I have a question about the order of components in drip system.

Abbreviations:
PRF = Rainbird PRF-075-RBY Pressure Reducing Filter
AVB = Orbit 51059 Atmospheric Vacuum Breaker
ZoneValve = Rainbird 075DV or 100DV

I have an existing system that I am adding 2 zones to, for drip irrigation only. The existing system has a main shutoff valve followed by filter (RainBird RBY-075-200MX) and a master valve (Rainbird DVF). After the master valve, the line then has a "tee" to the existing front yard drip system and the backyard.
MainShutOffValve->MainFilter->MasterValve->MainTee

The front yard drip system (zone 1) has a zone valve (100DV) followed by an AVB (Orbit 51059 Atmospheric Vacuum Breaker) and then a PRF (Rainbird PRF075RBY Pressure Reducing Filter). This system works fine and will not be changed.
MainTee->ZoneValve1->AVB->PRF

The backyard is what I am adding now. I will tee the line for 2 more zones (zone 2 and 3). I will use Rainbird 075DV or 100DV valves and PRF (Rainbird PRF-075-RBY Pressure Reducing Filter). I will also have an AVB (Orbit 51059 Atmospheric Vacuum Breaker) on each zone. I understand that the AVB must be after the valve. My question is regarding the the order of the PRF and AVB on each backyard zone.
1. MainTee->BackyardTee->ZoneValve2->PRF->AVB (this is the order I would like to use because it's easier)
2. MainTee->BackyardTee->ZoneValve3->AVB->PRF (this is the order on the front yard zone)

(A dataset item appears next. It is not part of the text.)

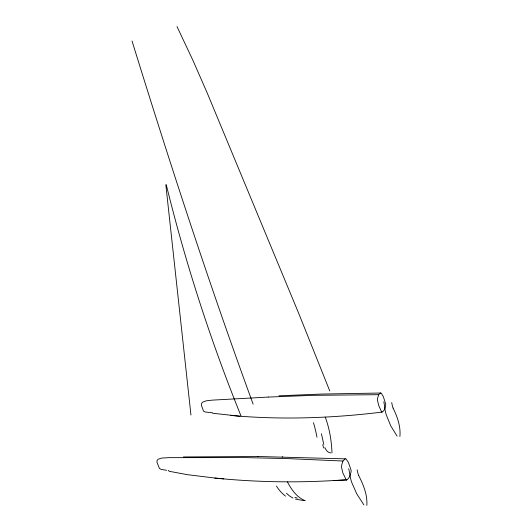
<?xml version="1.0" encoding="UTF-8"?>
<svg xmlns="http://www.w3.org/2000/svg" width="532" height="532" viewBox="0 0 532 532"><rect width="100%" height="100%" fill="white"/><g stroke="black" fill="none" stroke-linecap="round" stroke-linejoin="round"><path stroke-width="0.8" d="M366.847 505.4C367.552 494.793 363.449 484.885 358.741 475.655M399.898 436.486C400.835 426.458 397.377 416.908 393.082 408.057M378.638 394.691L377.574 398.382A5.859 2.554 86.5 0 0 377.54 400.357L378.644 405.324L381.544 411.868A3.438 1.49 86.8 0 0 381.989 412.081C384.476 410.97 385.321 407.499 385.693 404.965A3.418 1.476 86.6 0 0 385.673 403.948L383.299 396.539L381.324 393.294A5.852 2.547 86.5 0 0 380.453 393.022L378.638 394.691L312.969 395.329L268.234 397.078M342.941 461.025L341.644 465.301A6.49 3.019 89 0 0 341.584 467.515L342.821 472.875L346.166 479.718A3.81 1.762 89.2 0 0 346.691 479.884C349.537 478.334 350.628 474.431 351.12 471.379A3.784 1.742 89 0 0 351.107 470.248L348.394 462.368L346.106 459.056A6.477 3.006 88.9 0 0 345.088 458.883L342.941 461.025L287.739 458.604L245.644 457.613L169.056 457.646L161.814 458.059L158.11 459.236L157.086 460.506L156.953 462.261L159.454 468.459L161.13 469.39L166.596 470.301M382.156 412.081C332.001 418.252 281.222 420.001 230.861 415.452M346.884 479.864L333.245 480.582L346.691 479.884M278.928 395.815L321.135 394.066L380.686 393.028M268.201 397.078L212.168 400.137L206.243 400.829L202.612 402.165L201.575 403.462L201.369 405.191L203.523 411.143L205.099 411.968L209.794 412.539M333.451 480.569C294.096 482.837 254.595 482.078 215.374 478.108L187.463 474.677L168.983 471.252M183.42 456.955L258.466 456.503M257.774 456.496L345.361 458.857M282.166 456.875L282.831 456.888M330.784 452.892C327.852 452.872 325.93 450.079 324.912 447.638M304.051 500.639L295.499 499.096M212.514 412.772L210.34 412.586M239.413 416.177L212.714 413.251M214.881 478.069L223.812 478.873M168.298 470.534L168.863 470.614M292.959 498.072L289.441 495.904L286.475 493.244M363.855 504.868L356.779 493.896L351.705 482.384A77.379 50.028 26.5 0 1 349.644 473.307L348.952 469.729A10.893 7.029 30.9 0 0 348.533 468.765M397.091 436.127L390.734 425.833L386.285 414.933A70.397 49.396 23.9 0 1 384.596 406.242L384.044 402.81A9.962 6.996 28.9 0 0 383.685 401.899M177.016 26.6L192.976 60.449L207.294 93.166L298.937 313.913L329.774 390.98M241.036 416.044C210.672 340.872 185.621 263.5 166.277 184.77M253.139 404.187C209.209 284.354 169.728 162.932 132.042 41.004M323.795 444.486L321.408 433.726M357.138 469.862L357.265 470.514A45.878 29.865 27.6 0 0 358.701 475.655M391.738 402.531L391.838 403.156A41.782 29.533 25.1 0 0 393.048 408.057M165.824 184.73L190.955 415.04M305.295 500.712A64.545 32.173 88.5 0 1 287.46 481.866M297.335 498.105A19.897 7.381 2.9 0 1 294.908 497.327M285.584 496.137A63.867 36.987 -83.7 0 1 276.427 486.035M325.245 417.128A66.447 33.702 89.3 0 1 331.981 452.912M323.915 448.137A18.939 14.078 70.7 0 1 322.718 444.705M313.468 422.701A66.035 26.268 85.5 0 1 316.979 437.224"/></g></svg>
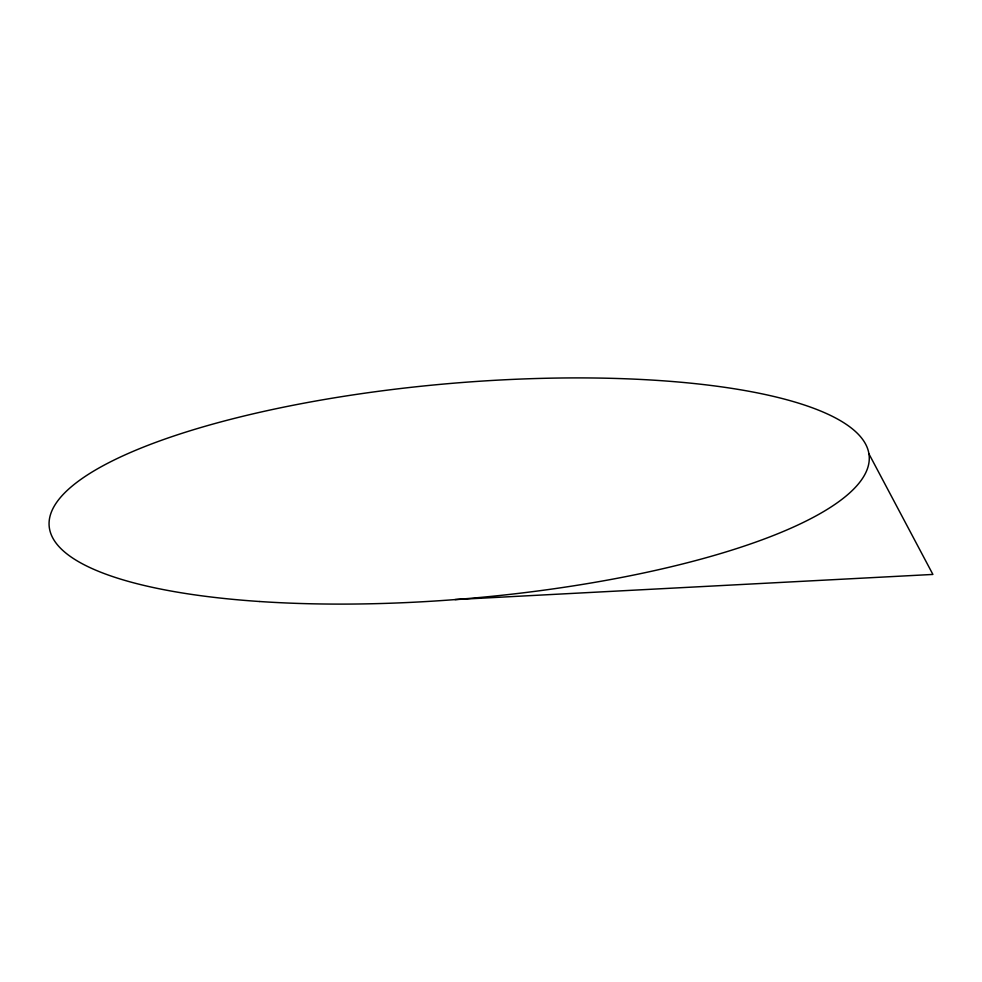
<?xml version="1.0" encoding="UTF-8"?>
<svg xmlns="http://www.w3.org/2000/svg" width="982" height="982" viewBox="0 0 982 982"><rect width="100%" height="100%" fill="white"/><g stroke="black" fill="none" stroke-linecap="round" stroke-linejoin="round"><path stroke-width="1.47" d="M455.022 599.585L932.9 574.433L868.935 453.856M259.641 601.512A411.519 107.897 -4.9 0 0 869.23 456.605A411.519 107.897 -4.9 0 0 248.63 414.895A411.519 107.897 -4.9 0 0 259.641 601.512"/></g></svg>

So, the basic question is, does it matter if the AVB is before or after the PRF? If one of the above is better, then why? If option 1 is acceptable, I might use the Rainbird XCZ-075-PRF combo kit.


----------



## MasterMech (Sep 24, 2017)

Is it possible for the AVB to suck in debris? This may be why it was installed in front of the filter previously.


----------